More than 117 million people are likely to make trips in China during the five-day May Day holiday that started Friday, official media reported, amid lingering concern over a possible second wave of new coronavirus infections in the country.

In Beijing, tourist destinations, such as the Palace Museum, known as the Forbidden City, have resumed their operations for the first time in around three months, as the number of new infections has been decreasing at home.

(Visitors take a video as people watch the flag-raising ceremony at the Tiananmen Square in Beijing at daybreak on May 1, 2020.)[Getty/Kyodo]  

But many tourist spots still have limited entry and offered pre-booking, indicating that Chinese citizens have remained cautious about the spread of the new coronavirus that causes the respiratory disease COVID-19.

On Friday, visitors who were shown, via a smartphone app, not to have had known contact with infected patients were allowed to enter the Palace Museum, which will continue to close exhibit rooms there for the time being.

Tickets for the entry to the museum during the holiday period between Friday and Tuesday have been sold out, with a limit of 5,000 tourists a day, sharply down from the previous maximum of 80,000, its website showed.

According to the Chinese government, nearly 70 percent of the nation's tourist destinations have already reopened.
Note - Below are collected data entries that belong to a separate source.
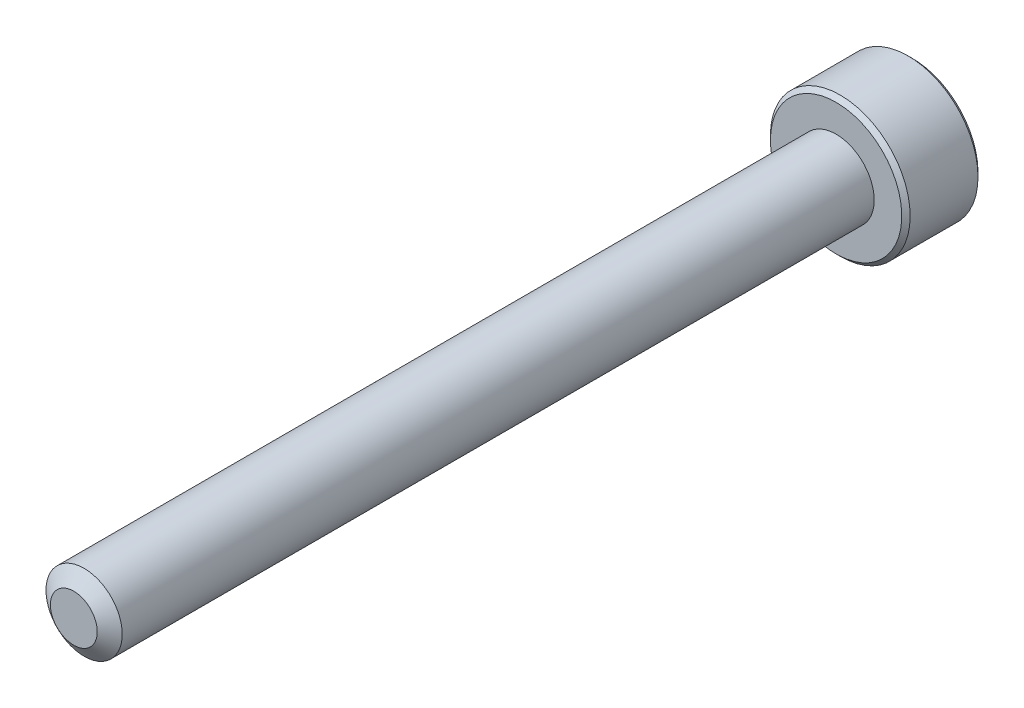
ISO-10303-21;
HEADER;
FILE_DESCRIPTION(('STEP AP214'),'2;1');
FILE_NAME('part.step','',(''),(''),'','','');
FILE_SCHEMA(('AUTOMOTIVE_DESIGN { 1 0 10303 214 1 1 1 1 }'));
ENDSEC;
DATA;
#1=APPLICATION_CONTEXT('core data for automotive mechanical design processes');
#2=APPLICATION_PROTOCOL_DEFINITION('international standard','automotive_design',2000,#1);
#3=PRODUCT_CONTEXT('',#1,'mechanical');
#4=PRODUCT('Part','Part','',(#3));
#5=PRODUCT_RELATED_PRODUCT_CATEGORY('part','',(#4));
#6=PRODUCT_DEFINITION_FORMATION('','',#4);
#7=PRODUCT_DEFINITION_CONTEXT('part definition',#1,'design');
#8=PRODUCT_DEFINITION('design','',#6,#7);
#9=PRODUCT_DEFINITION_SHAPE('','',#8);
#10=(LENGTH_UNIT() NAMED_UNIT(*) SI_UNIT(.MILLI.,.METRE.));
#11=(NAMED_UNIT(*) PLANE_ANGLE_UNIT() SI_UNIT($,.RADIAN.));
#12=(NAMED_UNIT(*) SI_UNIT($,.STERADIAN.) SOLID_ANGLE_UNIT());
#13=UNCERTAINTY_MEASURE_WITH_UNIT(LENGTH_MEASURE(1.E-05),#10,'distance_accuracy_value','');
#14=(GEOMETRIC_REPRESENTATION_CONTEXT(3) GLOBAL_UNCERTAINTY_ASSIGNED_CONTEXT((#13)) GLOBAL_UNIT_ASSIGNED_CONTEXT((#10,
#11,#12)) REPRESENTATION_CONTEXT('',''));
#15=CARTESIAN_POINT('',(0.,0.,0.));
#16=DIRECTION('',(0.,0.,1.));
#17=DIRECTION('',(1.,0.,0.));
#18=AXIS2_PLACEMENT_3D('',#15,#16,#17);
#19=CARTESIAN_POINT('',(0.,-1.44337567297406,-31.125));
#20=DIRECTION('',(-0.5,-0.866025403784439,0.));
#21=DIRECTION('',(0.866025403784439,-0.5,0.));
#22=AXIS2_PLACEMENT_3D('',#19,#20,#21);
#23=PLANE('',#22);
#24=CARTESIAN_POINT('',(-1.24999999999719,-0.721687836488653,-33.0000000000106));
#25=CARTESIAN_POINT('',(-1.20703689149334,-0.746492598748569,-32.9752190397288));
#26=CARTESIAN_POINT('',(-1.16335543595188,-0.771712098864028,-32.9518937494737));
#27=CARTESIAN_POINT('',(-1.07428446543455,-0.823137247669188,-32.9091861389212));
#28=CARTESIAN_POINT('',(-1.02888648443341,-0.849347784220863,-32.8898275733605));
#29=CARTESIAN_POINT('',(-0.937343688520915,-0.902200042083313,-32.8566662159147));
#30=CARTESIAN_POINT('',(-0.891222174140705,-0.928828310826161,-32.8427800967852));
#31=CARTESIAN_POINT('',(-0.79796403889092,-0.982670920316747,-32.8213859018018));
#32=CARTESIAN_POINT('',(-0.750830264933392,-1.00988361739905,-32.8138618619237));
#33=CARTESIAN_POINT('',(-0.669590913521733,-1.05678717880536,-32.8070728277984));
#34=CARTESIAN_POINT('',(-0.635590177984294,-1.07641751262055,-32.8060681886569));
#35=CARTESIAN_POINT('',(-0.567648554675317,-1.11564362712716,-32.8077634952234));
#36=CARTESIAN_POINT('',(-0.533707681782074,-1.13523939922861,-32.8104642592638));
#37=CARTESIAN_POINT('',(-0.466153619735585,-1.174241755136,-32.8194142483472));
#38=CARTESIAN_POINT('',(-0.432540764897262,-1.19364814592514,-32.8256667730595));
#39=CARTESIAN_POINT('',(-0.365876260757552,-1.23213691533559,-32.8413835392478));
#40=CARTESIAN_POINT('',(-0.332824858668373,-1.25121915122888,-32.8508491588607));
#41=CARTESIAN_POINT('',(-0.248213569936039,-1.30006950155497,-32.8789283315822));
#42=CARTESIAN_POINT('',(-0.197186124432403,-1.32953021095255,-32.8996493450655));
#43=CARTESIAN_POINT('',(-0.0971276056231052,-1.38729902372182,-32.9463235058209));
#44=CARTESIAN_POINT('',(-0.0480906425397016,-1.41561052755826,-32.9722596212326));
#45=CARTESIAN_POINT('',(-2.80957824535407E-12,-1.44337567297244,-33.0000000000106));
#46=B_SPLINE_CURVE_WITH_KNOTS('',3,(#24,#25,#26,#27,#28,#29,#30,#31,#32,#33,#34,#35,#36,#37,#38,
#39,#40,#41,#42,#43,#44,#45),.UNSPECIFIED.,.F.,.F.,(4,2,2,2,2,2,2,2,2,2,4),(0.,
0.166478683225078,0.333926926831281,0.498716658516144,0.663091654625516,0.780745575557468,
0.898425484350478,1.01621489976922,1.13405490052337,1.32111591641063,1.50757565757894),.UNSPECIFIED.);
#47=CARTESIAN_POINT('',(-1.25000000000136,-0.721687836486245,-33.0000000000131));
#48=VERTEX_POINT('',#47);
#49=CARTESIAN_POINT('',(-4.16671953249464E-12,-1.44337567297485,-33.0000000000131));
#50=VERTEX_POINT('',#49);
#51=EDGE_CURVE('E21',#48,#50,#46,.T.);
#52=ORIENTED_EDGE('',*,*,#51,.F.);
#53=DIRECTION('',(0.,0.,1.));
#54=VECTOR('',#53,1.);
#55=CARTESIAN_POINT('',(-1.25,-0.721687836487032,-31.125));
#56=LINE('',#55,#54);
#57=CARTESIAN_POINT('',(-1.25,-0.721687836487031,-31.125));
#58=VERTEX_POINT('',#57);
#59=EDGE_CURVE('E104',#48,#58,#56,.T.);
#60=ORIENTED_EDGE('',*,*,#59,.T.);
#61=DIRECTION('',(0.866025403784439,-0.5,0.));
#62=VECTOR('',#61,1.);
#63=CARTESIAN_POINT('',(0.,-1.44337567297406,-31.125));
#64=LINE('',#63,#62);
#65=CARTESIAN_POINT('',(0.,-1.44337567297406,-31.125));
#66=VERTEX_POINT('',#65);
#67=EDGE_CURVE('E77',#66,#58,#64,.F.);
#68=ORIENTED_EDGE('',*,*,#67,.F.);
#69=DIRECTION('',(0.,0.,1.));
#70=VECTOR('',#69,1.);
#71=CARTESIAN_POINT('',(0.,-1.44337567297406,-31.125));
#72=LINE('',#71,#70);
#73=EDGE_CURVE('E76',#66,#50,#72,.F.);
#74=ORIENTED_EDGE('',*,*,#73,.T.);
#75=EDGE_LOOP('',(#52,#60,#68,#74));
#76=FACE_BOUND('',#75,.T.);
#77=ADVANCED_FACE('F17',(#76),#23,.F.);
#78=CARTESIAN_POINT('',(1.25,-0.721687836487033,-31.125));
#79=DIRECTION('',(0.5,-0.866025403784439,0.));
#80=DIRECTION('',(0.866025403784439,0.5,0.));
#81=AXIS2_PLACEMENT_3D('',#78,#79,#80);
#82=PLANE('',#81);
#83=CARTESIAN_POINT('',(2.81411783743714E-12,-1.44337567297244,-33.0000000000106));
#84=CARTESIAN_POINT('',(0.0429631085066566,-1.41857091071252,-32.9752190397288));
#85=CARTESIAN_POINT('',(0.0866445640481205,-1.39335141059707,-32.9518937494737));
#86=CARTESIAN_POINT('',(0.175715534565449,-1.3419262617919,-32.9091861389212));
#87=CARTESIAN_POINT('',(0.221113515566591,-1.31571572524023,-32.8898275733605));
#88=CARTESIAN_POINT('',(0.312656311479088,-1.26286346737778,-32.8566662159147));
#89=CARTESIAN_POINT('',(0.358777825859299,-1.23623519863493,-32.8427800967852));
#90=CARTESIAN_POINT('',(0.452035961109083,-1.18239258914434,-32.8213859018018));
#91=CARTESIAN_POINT('',(0.49916973506661,-1.15517989206204,-32.8138618619237));
#92=CARTESIAN_POINT('',(0.58040908647827,-1.10827633065573,-32.8070728277984));
#93=CARTESIAN_POINT('',(0.614409822015708,-1.08864599684055,-32.8060681886569));
#94=CARTESIAN_POINT('',(0.682351445324686,-1.04941988233393,-32.8077634952234));
#95=CARTESIAN_POINT('',(0.716292318217928,-1.02982411023248,-32.8104642592638));
#96=CARTESIAN_POINT('',(0.783846380264418,-0.99082175432509,-32.8194142483472));
#97=CARTESIAN_POINT('',(0.817459235102742,-0.971415363535952,-32.8256667730595));
#98=CARTESIAN_POINT('',(0.884123739242452,-0.932926594125497,-32.8413835392478));
#99=CARTESIAN_POINT('',(0.91717514133163,-0.913844358232215,-32.8508491588607));
#100=CARTESIAN_POINT('',(1.00178643006396,-0.864994007906121,-32.8789283315822));
#101=CARTESIAN_POINT('',(1.0528138755676,-0.835533298508539,-32.8996493450655));
#102=CARTESIAN_POINT('',(1.15287239437689,-0.777764485739277,-32.9463235058209));
#103=CARTESIAN_POINT('',(1.2019093574603,-0.749452981902834,-32.9722596212326));
#104=CARTESIAN_POINT('',(1.24999999999719,-0.721687836488658,-33.0000000000106));
#105=B_SPLINE_CURVE_WITH_KNOTS('',3,(#83,#84,#85,#86,#87,#88,#89,#90,#91,#92,#93,#94,#95,#96,
#97,#98,#99,#100,#101,#102,#103,#104),.UNSPECIFIED.,.F.,.F.,(4,2,2,2,2,2,2,2,2,2,4),(0.,
0.166478683225079,0.333926926831284,0.498716658516146,0.663091654625518,0.78074557555747,
0.89842548435048,1.01621489976923,1.13405490052337,1.32111591641063,1.50757565757893),.UNSPECIFIED.);
#106=CARTESIAN_POINT('',(1.24999999999859,-0.721687836491034,-33.0000000000131));
#107=VERTEX_POINT('',#106);
#108=EDGE_CURVE('E84',#50,#107,#105,.T.);
#109=ORIENTED_EDGE('',*,*,#108,.F.);
#110=ORIENTED_EDGE('',*,*,#73,.F.);
#111=DIRECTION('',(-0.86602540378444,-0.499999999999997,0.));
#112=VECTOR('',#111,1.);
#113=CARTESIAN_POINT('',(1.25,-0.721687836487033,-31.125));
#114=LINE('',#113,#112);
#115=CARTESIAN_POINT('',(1.25,-0.721687836487033,-31.125));
#116=VERTEX_POINT('',#115);
#117=EDGE_CURVE('E272',#116,#66,#114,.T.);
#118=ORIENTED_EDGE('',*,*,#117,.F.);
#119=DIRECTION('',(0.,0.,-1.));
#120=VECTOR('',#119,1.);
#121=CARTESIAN_POINT('',(1.25,-0.721687836487033,-31.125));
#122=LINE('',#121,#120);
#123=EDGE_CURVE('E103',#116,#107,#122,.T.);
#124=ORIENTED_EDGE('',*,*,#123,.T.);
#125=EDGE_LOOP('',(#109,#110,#118,#124));
#126=FACE_BOUND('',#125,.T.);
#127=ADVANCED_FACE('F101',(#126),#82,.F.);
#128=CARTESIAN_POINT('',(-1.25,-0.721687836487032,-31.125));
#129=DIRECTION('',(-1.,0.,0.));
#130=DIRECTION('',(0.,-1.,0.));
#131=AXIS2_PLACEMENT_3D('',#128,#129,#130);
#132=PLANE('',#131);
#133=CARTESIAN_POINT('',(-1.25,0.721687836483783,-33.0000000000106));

In another development, China's Hubei Province, the original epicenter of the coronavirus outbreak, said Friday that it will lower its emergency response level from the top level to the second level from Saturday, state-run media reported.

The virus was first detected late last year in the central city of Wuhan, the capital city of Hubei Province. On the mainland, it has infected more than 82,000 people and killed over 4,600, China's health authorities said.